Times Public Editor Again Snipes at Times : From the Left

Clark Hoyt warns the Times against excessive faith in Bush's claims about Al Qaeda in Iraq.


New Times Public Editor Clark Hoyt certainly isn't raising doubts among the Times hierarchy about its cozy belief that its news coverage is fair to conservatives. Hoyt has sometimes sniped at the paper from the left but never from the right. Hoyt's latest Sunday piece does criticize the Times again from the left, this time for not being suspicious enough about Bush's pronouncements regarding the terrorist group Al Qaeda ("Seeing Al Qaeda Around Every Corner").


"As domestic support for the war in Iraq continues to melt away, President Bush and the United States military in Baghdad are increasingly pointing to a single villain on the battlefield: Al Qaeda.


Hoyt doesn't want Bush to win support by bringing up the terrorist group in speeches: "While a president running out of time and policy options may want to talk about a single enemy that Americans hate and fear in the hope of uniting the country behind him, journalists have the obligation to ask tough questions about the accuracy of his statements."


Hoyt complained: "Recent Times stories from Iraq have referred, with little or no attribution, and no supporting evidence - to 'militants linked with Al Qaeda,' 'Sunni extremists with links to Al Qaeda' and 'insurgents from Al Qaeda.' The Times has stated flatly, again without attribution or evidence, that Al Qaeda was responsible for the bombing of the Golden Dome mosque in Samarra last year, an event that the president has said started the sectarian civil war between Sunnis and Shiites."


Hoyt cynically emphasized domestic politics as a way of warning journalists to question Bush harder on Al Qaeda "For the president, an emphasis on Al Qaeda has political advantages at a time when powerful former allies, like Senator Richard Lugar of Indiana...are starting to back away from his war policy."

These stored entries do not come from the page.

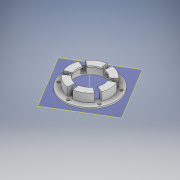
# Autodesk Inventor part: DodatniDržačZaLežaj
Saved by Autodesk Inventor 2020 (Build 240168000, 168)
## iProperties
Created: 2020-10-16
Part Number: DodatniDržačZaLežaj
Material: Generic
Document SubType Name: Modeling
Designer: Sičaja
Density: 1 g/cm^3
Appearance: Default
Author: Sičaja
Autodesk Inventor part; units mm, degrees
ref_plane "YZ Plane" through (0, 0, 0) normal (1, 0, 0) x (0, 1, 0)
ref_plane "XZ Plane" through (0, 0, 0) normal (0, 1, 0) x (-1, 0, 0)
ref_plane "XY Plane" through (0, 0, 0) normal (0, 0, 1) x (1, 0, 0)
sketch "Sketch1" plane through (0, 0, 0) normal (0, 1, 0) x (-1, 0, 0)
  circle A0 centre (0, 0) radius 11.5
  circle A1 centre (0, 0) radius 14.5
  line L0 (13.2396, 5.9129) -> (10.5004, 4.6895)
  line L1 (13.4748, -5.3554) -> (10.6869, -4.2474)
  dimension "d0" = 23
  dimension "d1" = 29
  constraints: 4 end point, 4 point on circle, 2 centre point, 2 coincident
  measures "d0" diameter of A0
  measures "d1" diameter of A1
extrude "Extrusion1" add sketch "Sketch1" along normal blind 6 contours A0 L0 A1 L1 picked at (13.4152, 1.2095)
sketch "Sketch2" plane through (-10.5004, 0, 4.6895) normal (0.4077828, 0, 0.9130789) x (0.9130789, 0, -0.4077828)
  line L0 (-3, 6) -> (0, 6) projected
  line L1 (-3, 6) -> (0.5, 6)
  line L2 (0.5, 6) -> (0.5, 7)
  line L3 (0.5, 7) -> (-3, 7)
  line L4 (-3, 7) -> (-3, 6)
  line L5 (11.5, 8.4) -> (11.5, -1.4) projected
  point P0 (11.5, 0)
  point P1 (0, 6)
  dimension "d4" = 3.5
  dimension "d5" = 1
  constraints: 8 end point, 3 perpendicular, 1 collinear
  measures "d4" distance of L0.start L1.end
  measures "d5" distance of L1.end L2.end
revolve "Revolution1" add sketch "Sketch2" angle 45.74 about axis through (0, 0, 0) along (0, -1, 0)
pattern_circular "Circular Pattern1" count 6 over 360 about axis through (0, 0, 0) along (0, -1, 0) of "Revolution1", "Extrusion1"
ref_plane "Work Plane1" through (1.189, 0, -11.4384) normal (0, -1, 0) x (0.855405, 0, -0.5179597)
sketch "Sketch3" plane through (1.189, 0, -11.4384) normal (0, -1, 0) x (0.855405, 0, -0.5179597)
  circle A0 centre (-6.9417, 9.1686) radius 15.75
  arc A1 (-11.4111, -1.4274) -> (-2.4723, -1.4274) centre (-6.9417, 9.1686) ccw projected
  circle A2 centre (-6.9417, 9.1686) radius 11.5
  point P0 (-2.4723, -1.4274)
  dimension "d10" = 31.5
  constraints: 2 coincident, 1 centre point, 3 other
  measures "d10" diameter of A0
extrude "Extrusion2" add sketch "Sketch3" against normal blind 1
pattern_circular "Circular Pattern2" count 6 over 360 about axis through (0, 0, 0) along (0, -1, 0) of "Extrusion2"
sketch "Sketch6" plane through (1.189, 1, -11.4384) normal (0, 1, 0) x (0.855405, 0, -0.5179597)
  circle A0 centre (-13.5083, -24.5755) radius 1
  point P0 (-6.9417, -9.1686)
  dimension "d22" = 2
  constraints: 1 centre point
  measures "d22" diameter of A0
extrude "Extrusion5" cut sketch "Sketch6" against normal blind 1
sketch "Sketch7" plane through (0, 0, 0) normal (0, -1, 0) x (1, 0, 0)
  circle A0 centre (0, 0) radius 18.5
  circle A1 centre (0, 0) radius 15.75
  dimension "d25" = 37
  constraints: 2 centre point, 1 coincident
  measures "d25" diameter of A0
extrude "Extrusion6" add sketch "Sketch7" against normal blind 1
sketch "Sketch8" plane through (0, 1, 0) normal (0, 1, 0) x (1, 0, 0)
  circle A0 centre (-0.6107, 16.2073) radius 1
  point P0 (0, 0)
  dimension "d28" = 2
  constraints: 1 centre point
  measures "d28" diameter of A0
extrude "Extrusion7" cut sketch "Sketch8" against normal blind 1
pattern_circular "Circular Pattern3" count 6 over 360 about axis through (0, 0, 0) along (0, -1, 0) of "Extrusion7"
sketch "Sketch9" plane through (-10.0439, 6, 4.4856) normal (0.4077828, 0, 0.9130789) x (0.9130789, 0, -0.4077828)
  line L0 (0, 1) -> (-3.5, 1) projected
  line L1 (0, 0) -> (0, 1) projected
  line L2 (-0.5, 0) -> (0, 0) projected
  line L3 (-3.5, -5) -> (-3.5, 1) projected
  line L4 (-3.5, 0) -> (1.5, 0)
  line L5 (1.5, 0) -> (1.5, 1)
  line L6 (1.5, 1) -> (-3.5, 1)
  line L7 (-3.5, 1) -> (-3.5, 0)
  line L8 (11, 2.4) -> (11, -7.4) projected
  point P0 (11, -6)
  dimension "d34" = 5
  dimension "d35" = 1
  constraints: 8 end point, 1 collinear, 1 horizontal, 1 perpendicular, 1 point on line, 1 vertical
  measures "d34" distance of L4.start L4.end
  measures "d35" distance of L4.end L5.end
revolve "Revolution2" add sketch "Sketch9" angle 45.74 about axis through (0, 0, 0) along (0, -1, 0)
pattern_circular "Circular Pattern4" count 6 over 360 about axis through (0, 0, 0) along (0, -1, 0) of "Revolution1", "Revolution2"
body "Solid1"

The Powerline Blog doesn't think Hoyt has done his homework:


"Hoyt's claim that al Qaeda in Iraq is 'an Iraqi group' is sensationally ignorant. It was founded by a Jordanian, Zarqawi, and is now headed by an Egyptian, al-Masri. While some members are presumably Iraqis, it consists mostly of the 'foreign fighters' mentioned by President Bush who sneak across the border from Syria or Jordan. And, in any event, al Qaeda in Iraq has pledged its loyalty to the umbrella organization. Just last week, Zawahiri released a long video tape which I commented on here. The video is one long apologia for Zawahiri's favorite protege, al Qaeda in Iraq. Zawahiri exhorts radical Muslims to go to Iraq to carry out suicide bombings, and many, as the military's numbers indicate, do so. So why, exactly, is 'al Qaeda in Iraq' irrelevant to 'al Qaeda'? Hoyt doesn't try to frame a coherent argument, and anyone who understands anything about radical Islam will find the claim preposterous. That the New York Times has become one of the nation's leading centers of know-nothingism is old news. There was a time, though, when the Public Editor at least worried about the paper's relentlessly left-wing bias. Under Clark Hoyt, that concern evidently has been supplanted by a suspicion that the Times may be too cozy with the Bush administration and the U.S. military."